Source data:
******************************
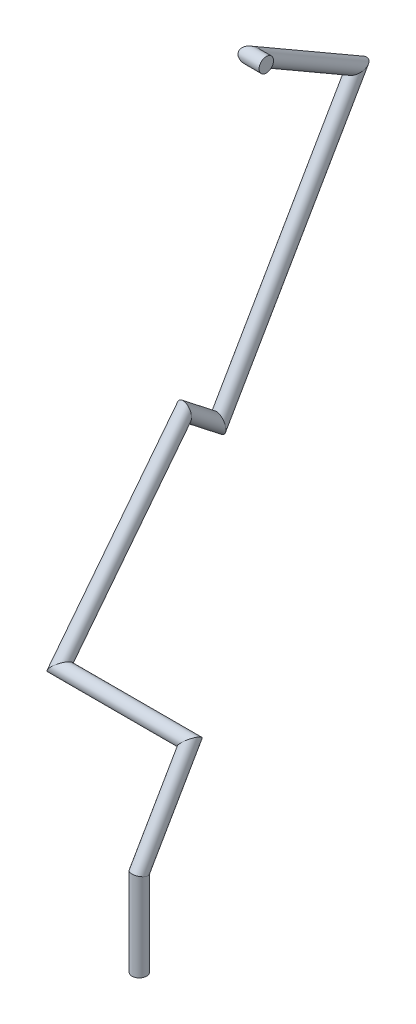
ISO-10303-21;
HEADER;
FILE_DESCRIPTION(('STEP AP214'),'2;1');
FILE_NAME('part.step','',(''),(''),'','','');
FILE_SCHEMA(('AUTOMOTIVE_DESIGN { 1 0 10303 214 1 1 1 1 }'));
ENDSEC;
DATA;
#1=APPLICATION_CONTEXT('core data for automotive mechanical design processes');
#2=APPLICATION_PROTOCOL_DEFINITION('international standard','automotive_design',2000,#1);
#3=PRODUCT_CONTEXT('',#1,'mechanical');
#4=PRODUCT('Part','Part','',(#3));
#5=PRODUCT_RELATED_PRODUCT_CATEGORY('part','',(#4));
#6=PRODUCT_DEFINITION_FORMATION('','',#4);
#7=PRODUCT_DEFINITION_CONTEXT('part definition',#1,'design');
#8=PRODUCT_DEFINITION('design','',#6,#7);
#9=PRODUCT_DEFINITION_SHAPE('','',#8);
#10=(LENGTH_UNIT() NAMED_UNIT(*) SI_UNIT(.MILLI.,.METRE.));
#11=(NAMED_UNIT(*) PLANE_ANGLE_UNIT() SI_UNIT($,.RADIAN.));
#12=(NAMED_UNIT(*) SI_UNIT($,.STERADIAN.) SOLID_ANGLE_UNIT());
#13=UNCERTAINTY_MEASURE_WITH_UNIT(LENGTH_MEASURE(1.E-05),#10,'distance_accuracy_value','');
#14=(GEOMETRIC_REPRESENTATION_CONTEXT(3) GLOBAL_UNCERTAINTY_ASSIGNED_CONTEXT((#13)) GLOBAL_UNIT_ASSIGNED_CONTEXT((#10,
#11,#12)) REPRESENTATION_CONTEXT('',''));
#15=CARTESIAN_POINT('',(0.,0.,0.));
#16=DIRECTION('',(0.,0.,1.));
#17=DIRECTION('',(1.,0.,0.));
#18=AXIS2_PLACEMENT_3D('',#15,#16,#17);
#19=CARTESIAN_POINT('',(-40.0000000000001,210.375158518347,-84.0433976179507));
#20=DIRECTION('',(-1.,0.,0.));
#21=DIRECTION('',(0.,0.,1.));
#22=AXIS2_PLACEMENT_3D('',#19,#20,#21);
#23=PLANE('',#22);
#24=CARTESIAN_POINT('',(-40.0000000000001,210.375158518347,-84.0433976179507));
#25=DIRECTION('',(-1.,0.,0.));
#26=DIRECTION('',(0.,0.,1.));
#27=AXIS2_PLACEMENT_3D('',#24,#25,#26);
#28=CIRCLE('',#27,2.5);
#29=CARTESIAN_POINT('',(-40.0000000000001,210.375158518347,-81.5433976179507));
#30=VERTEX_POINT('',#29);
#31=EDGE_CURVE('E48',#30,#30,#28,.T.);
#32=ORIENTED_EDGE('',*,*,#31,.F.);
#33=EDGE_LOOP('',(#32));
#34=FACE_BOUND('',#33,.T.);
#35=ADVANCED_FACE('F45',(#34),#23,.F.);
#36=CARTESIAN_POINT('',(0.,0.,0.));
#37=DIRECTION('',(0.,-1.,0.));
#38=DIRECTION('',(-0.788010753606725,0.,0.615661475325655));
#39=AXIS2_PLACEMENT_3D('',#36,#37,#38);
#40=PLANE('',#39);
#41=CARTESIAN_POINT('',(0.,0.,0.));
#42=DIRECTION('',(0.,-1.,0.));
#43=DIRECTION('',(-0.788010753606725,0.,0.615661475325655));
#44=AXIS2_PLACEMENT_3D('',#41,#42,#43);
#45=CIRCLE('',#44,2.5);
#46=CARTESIAN_POINT('',(-1.97002688401685,0.,1.53915368831419));
#47=VERTEX_POINT('',#46);
#48=EDGE_CURVE('E53',#47,#47,#45,.T.);
#49=ORIENTED_EDGE('',*,*,#48,.T.);
#50=EDGE_LOOP('',(#49));
#51=FACE_BOUND('',#50,.T.);
#52=ADVANCED_FACE('F92',(#51),#40,.T.);
#53=CARTESIAN_POINT('',(-50.2315698604074,210.375158518347,-84.0433976179507));
#54=DIRECTION('',(1.,0.,0.));
#55=DIRECTION('',(0.,0.,-1.));
#56=AXIS2_PLACEMENT_3D('',#53,#54,#55);
#57=CYLINDRICAL_SURFACE('',#56,2.5);
#58=CARTESIAN_POINT('',(-45.0000000000001,210.375158518347,-84.0433976179507));
#59=DIRECTION('',(0.707106781186546,0.353553390593274,0.612372435695796));
#60=DIRECTION('',(-0.707106781186549,0.353553390593272,0.612372435695794));
#61=AXIS2_PLACEMENT_3D('',#58,#59,#60);
#62=ELLIPSE('',#61,3.53553390593275,2.5);
#63=CARTESIAN_POINT('',(-47.5000000000001,211.625158518347,-81.8783341084896));
#64=VERTEX_POINT('',#63);
#65=EDGE_CURVE('E80',#64,#64,#62,.T.);
#66=ORIENTED_EDGE('',*,*,#65,.T.);
#67=EDGE_LOOP('',(#66));
#68=FACE_BOUND('',#67,.T.);
#69=ORIENTED_EDGE('',*,*,#31,.T.);
#70=EDGE_LOOP('',(#69));
#71=FACE_BOUND('',#70,.T.);
#72=ADVANCED_FACE('F89',(#68,#71),#57,.T.);
#73=CARTESIAN_POINT('',(-45.,186.25608865794,-125.818852047479));
#74=DIRECTION('',(0.,0.499999999999999,0.866025403784439));
#75=DIRECTION('',(0.,-0.866025403784439,0.499999999999999));
#76=AXIS2_PLACEMENT_3D('',#73,#74,#75);
#77=CYLINDRICAL_SURFACE('',#76,2.5);
#78=CARTESIAN_POINT('',(-45.,189.375158518347,-120.416464576897));
#79=DIRECTION('',(0.,0.965925826289068,0.258819045102521));
#80=DIRECTION('',(0.,0.258819045102521,-0.965925826289068));
#81=AXIS2_PLACEMENT_3D('',#78,#79,#80);
#82=ELLIPSE('',#81,3.53553390593274,2.5);
#83=CARTESIAN_POINT('',(-45.,190.290222027808,-123.831528086358));
#84=VERTEX_POINT('',#83);
#85=EDGE_CURVE('E77',#84,#84,#82,.T.);
#86=ORIENTED_EDGE('',*,*,#85,.T.);
#87=EDGE_LOOP('',(#86));
#88=FACE_BOUND('',#87,.T.);
#89=ORIENTED_EDGE('',*,*,#65,.F.);
#90=EDGE_LOOP('',(#89));
#91=FACE_BOUND('',#90,.T.);
#92=ADVANCED_FACE('F124',(#88,#91),#77,.T.);
#93=CARTESIAN_POINT('',(-45.,100.035006171375,-68.8359035699304));
#94=DIRECTION('',(0.,0.866025403784438,-0.500000000000001));
#95=DIRECTION('',(0.,0.500000000000001,0.866025403784438));
#96=AXIS2_PLACEMENT_3D('',#93,#94,#95);
#97=CYLINDRICAL_SURFACE('',#96,2.5);
#98=CARTESIAN_POINT('',(-45.,106.236719755041,-72.416464576897));
#99=DIRECTION('',(0.,0.190808995376544,-0.981627183447664));
#100=DIRECTION('',(0.,-0.981627183447664,-0.190808995376544));
#101=AXIS2_PLACEMENT_3D('',#98,#99,#100);
#102=ELLIPSE('',#101,3.81063271676453,2.5);
#103=CARTESIAN_POINT('',(-45.,102.49609909413,-73.1435675773318));
#104=VERTEX_POINT('',#103);
#105=EDGE_CURVE('E73',#104,#104,#102,.T.);
#106=ORIENTED_EDGE('',*,*,#105,.T.);
#107=EDGE_LOOP('',(#106));
#108=FACE_BOUND('',#107,.T.);
#109=ORIENTED_EDGE('',*,*,#85,.F.);
#110=EDGE_LOOP('',(#109));
#111=FACE_BOUND('',#110,.T.);
#112=ADVANCED_FACE('F120',(#108,#111),#97,.T.);
#113=CARTESIAN_POINT('',(-45.,119.31222418873,-55.6805820902932));
#114=DIRECTION('',(0.,-0.615661475325658,-0.788010753606722));
#115=DIRECTION('',(0.,0.788010753606722,-0.615661475325658));
#116=AXIS2_PLACEMENT_3D('',#113,#114,#115);
#117=CYLINDRICAL_SURFACE('',#116,2.5);
#118=CARTESIAN_POINT('',(-45.,115.471641884926,-60.5963032727962));
#119=DIRECTION('',(0.,0.121869343405147,-0.992546151641322));
#120=DIRECTION('',(0.,0.992546151641322,0.121869343405147));
#121=AXIS2_PLACEMENT_3D('',#118,#119,#120);
#122=ELLIPSE('',#121,3.53553390593274,2.5);
#123=CARTESIAN_POINT('',(-45.,118.980822457257,-60.1654300770935));
#124=VERTEX_POINT('',#123);
#125=EDGE_CURVE('E69',#124,#124,#122,.T.);
#126=ORIENTED_EDGE('',*,*,#125,.T.);
#127=EDGE_LOOP('',(#126));
#128=FACE_BOUND('',#127,.T.);
#129=ORIENTED_EDGE('',*,*,#105,.F.);
#130=EDGE_LOOP('',(#129));
#131=FACE_BOUND('',#130,.T.);
#132=ADVANCED_FACE('F116',(#128,#131),#117,.T.);
#133=CARTESIAN_POINT('',(-45.,56.1883558242097,-14.2791239814725));
#134=DIRECTION('',(0.,0.788010753606721,-0.615661475325659));
#135=DIRECTION('',(0.,0.615661475325659,0.788010753606721));
#136=AXIS2_PLACEMENT_3D('',#133,#134,#135);
#137=CYLINDRICAL_SURFACE('',#136,2.5);
#138=CARTESIAN_POINT('',(-45.,60.3108891324553,-17.5));
#139=DIRECTION('',(-0.707106781186548,0.557207747523234,-0.435338404118088));
#140=DIRECTION('',(-0.707106781186547,-0.557207747523234,0.435338404118088));
#141=AXIS2_PLACEMENT_3D('',#138,#139,#140);
#142=ELLIPSE('',#141,3.53553390593274,2.5);
#143=CARTESIAN_POINT('',(-47.5,58.3408622484385,-15.9608463116858));
#144=VERTEX_POINT('',#143);
#145=EDGE_CURVE('E65',#144,#144,#142,.T.);
#146=ORIENTED_EDGE('',*,*,#145,.T.);
#147=EDGE_LOOP('',(#146));
#148=FACE_BOUND('',#147,.T.);
#149=ORIENTED_EDGE('',*,*,#125,.F.);
#150=EDGE_LOOP('',(#149));
#151=FACE_BOUND('',#150,.T.);
#152=ADVANCED_FACE('F112',(#148,#151),#137,.T.);
#153=CARTESIAN_POINT('',(5.65316768670956,60.3108891324553,-17.5));
#154=DIRECTION('',(-1.,0.,0.));
#155=DIRECTION('',(0.,0.,1.));
#156=AXIS2_PLACEMENT_3D('',#153,#154,#155);
#157=CYLINDRICAL_SURFACE('',#156,2.5);
#158=CARTESIAN_POINT('',(0.,60.3108891324553,-17.5));
#159=DIRECTION('',(-0.707106781186547,0.612372435695794,-0.353553390593274));
#160=DIRECTION('',(0.707106781186548,0.612372435695794,-0.353553390593275));
#161=AXIS2_PLACEMENT_3D('',#158,#159,#160);
#162=ELLIPSE('',#161,3.53553390593274,2.5);
#163=CARTESIAN_POINT('',(2.49999999999998,62.4759526419164,-18.75));
#164=VERTEX_POINT('',#163);
#165=EDGE_CURVE('E59',#164,#164,#162,.T.);
#166=ORIENTED_EDGE('',*,*,#165,.T.);
#167=EDGE_LOOP('',(#166));
#168=FACE_BOUND('',#167,.T.);
#169=ORIENTED_EDGE('',*,*,#145,.F.);
#170=EDGE_LOOP('',(#169));
#171=FACE_BOUND('',#170,.T.);
#172=ADVANCED_FACE('F105',(#168,#171),#157,.T.);
#173=CARTESIAN_POINT('',(0.,28.5147974930304,0.857482067200072));
#174=DIRECTION('',(0.,0.866025403784438,-0.500000000000001));
#175=DIRECTION('',(0.,0.500000000000001,0.866025403784438));
#176=AXIS2_PLACEMENT_3D('',#173,#174,#175);
#177=CYLINDRICAL_SURFACE('',#176,2.5);
#178=CARTESIAN_POINT('',(0.,30.,0.));
#179=DIRECTION('',(0.,0.965925826289068,-0.258819045102521));
#180=DIRECTION('',(0.,0.258819045102521,0.965925826289068));
#181=AXIS2_PLACEMENT_3D('',#178,#179,#180);
#182=ELLIPSE('',#181,2.58819045102521,2.5);
#183=CARTESIAN_POINT('',(0.,30.6698729810778,2.50000000000006));
#184=VERTEX_POINT('',#183);
#185=EDGE_CURVE('E11',#184,#184,#182,.T.);
#186=ORIENTED_EDGE('',*,*,#185,.T.);
#187=EDGE_LOOP('',(#186));
#188=FACE_BOUND('',#187,.T.);
#189=ORIENTED_EDGE('',*,*,#165,.F.);
#190=EDGE_LOOP('',(#189));
#191=FACE_BOUND('',#190,.T.);
#192=ADVANCED_FACE('F99',(#188,#191),#177,.T.);
#193=CARTESIAN_POINT('',(0.,0.,0.));
#194=DIRECTION('',(0.,1.,0.));
#195=DIRECTION('',(0.,0.,1.));
#196=AXIS2_PLACEMENT_3D('',#193,#194,#195);
#197=CYLINDRICAL_SURFACE('',#196,2.5);
#198=ORIENTED_EDGE('',*,*,#48,.F.);
#199=EDGE_LOOP('',(#198));
#200=FACE_BOUND('',#199,.T.);
#201=ORIENTED_EDGE('',*,*,#185,.F.);
#202=EDGE_LOOP('',(#201));
#203=FACE_BOUND('',#202,.T.);
#204=ADVANCED_FACE('F97',(#200,#203),#197,.T.);
#205=CLOSED_SHELL('',(#35,#52,#72,#92,#112,#132,#152,#172,#192,#204));
#206=MANIFOLD_SOLID_BREP('B2',#205);
#207=ADVANCED_BREP_SHAPE_REPRESENTATION('',(#18,#206),#14);
#208=SHAPE_DEFINITION_REPRESENTATION(#9,#207);
ENDSEC;
END-ISO-10303-21;
******************************
Brief:
Write down, word for word, the lines above from the one containing "#165=EDGE_CURVE('E59',#164,#164,#162,.T.);" through the one containing "#174=DIRECTION('',(0.,0.866025403784438,-0.500000000000001));", both ends included.

Exercise response:
#165=EDGE_CURVE('E59',#164,#164,#162,.T.);
#166=ORIENTED_EDGE('',*,*,#165,.T.);
#167=EDGE_LOOP('',(#166));
#168=FACE_BOUND('',#167,.T.);
#169=ORIENTED_EDGE('',*,*,#145,.F.);
#170=EDGE_LOOP('',(#169));
#171=FACE_BOUND('',#170,.T.);
#172=ADVANCED_FACE('F105',(#168,#171),#157,.T.);
#173=CARTESIAN_POINT('',(0.,28.5147974930304,0.857482067200072));
#174=DIRECTION('',(0.,0.866025403784438,-0.500000000000001));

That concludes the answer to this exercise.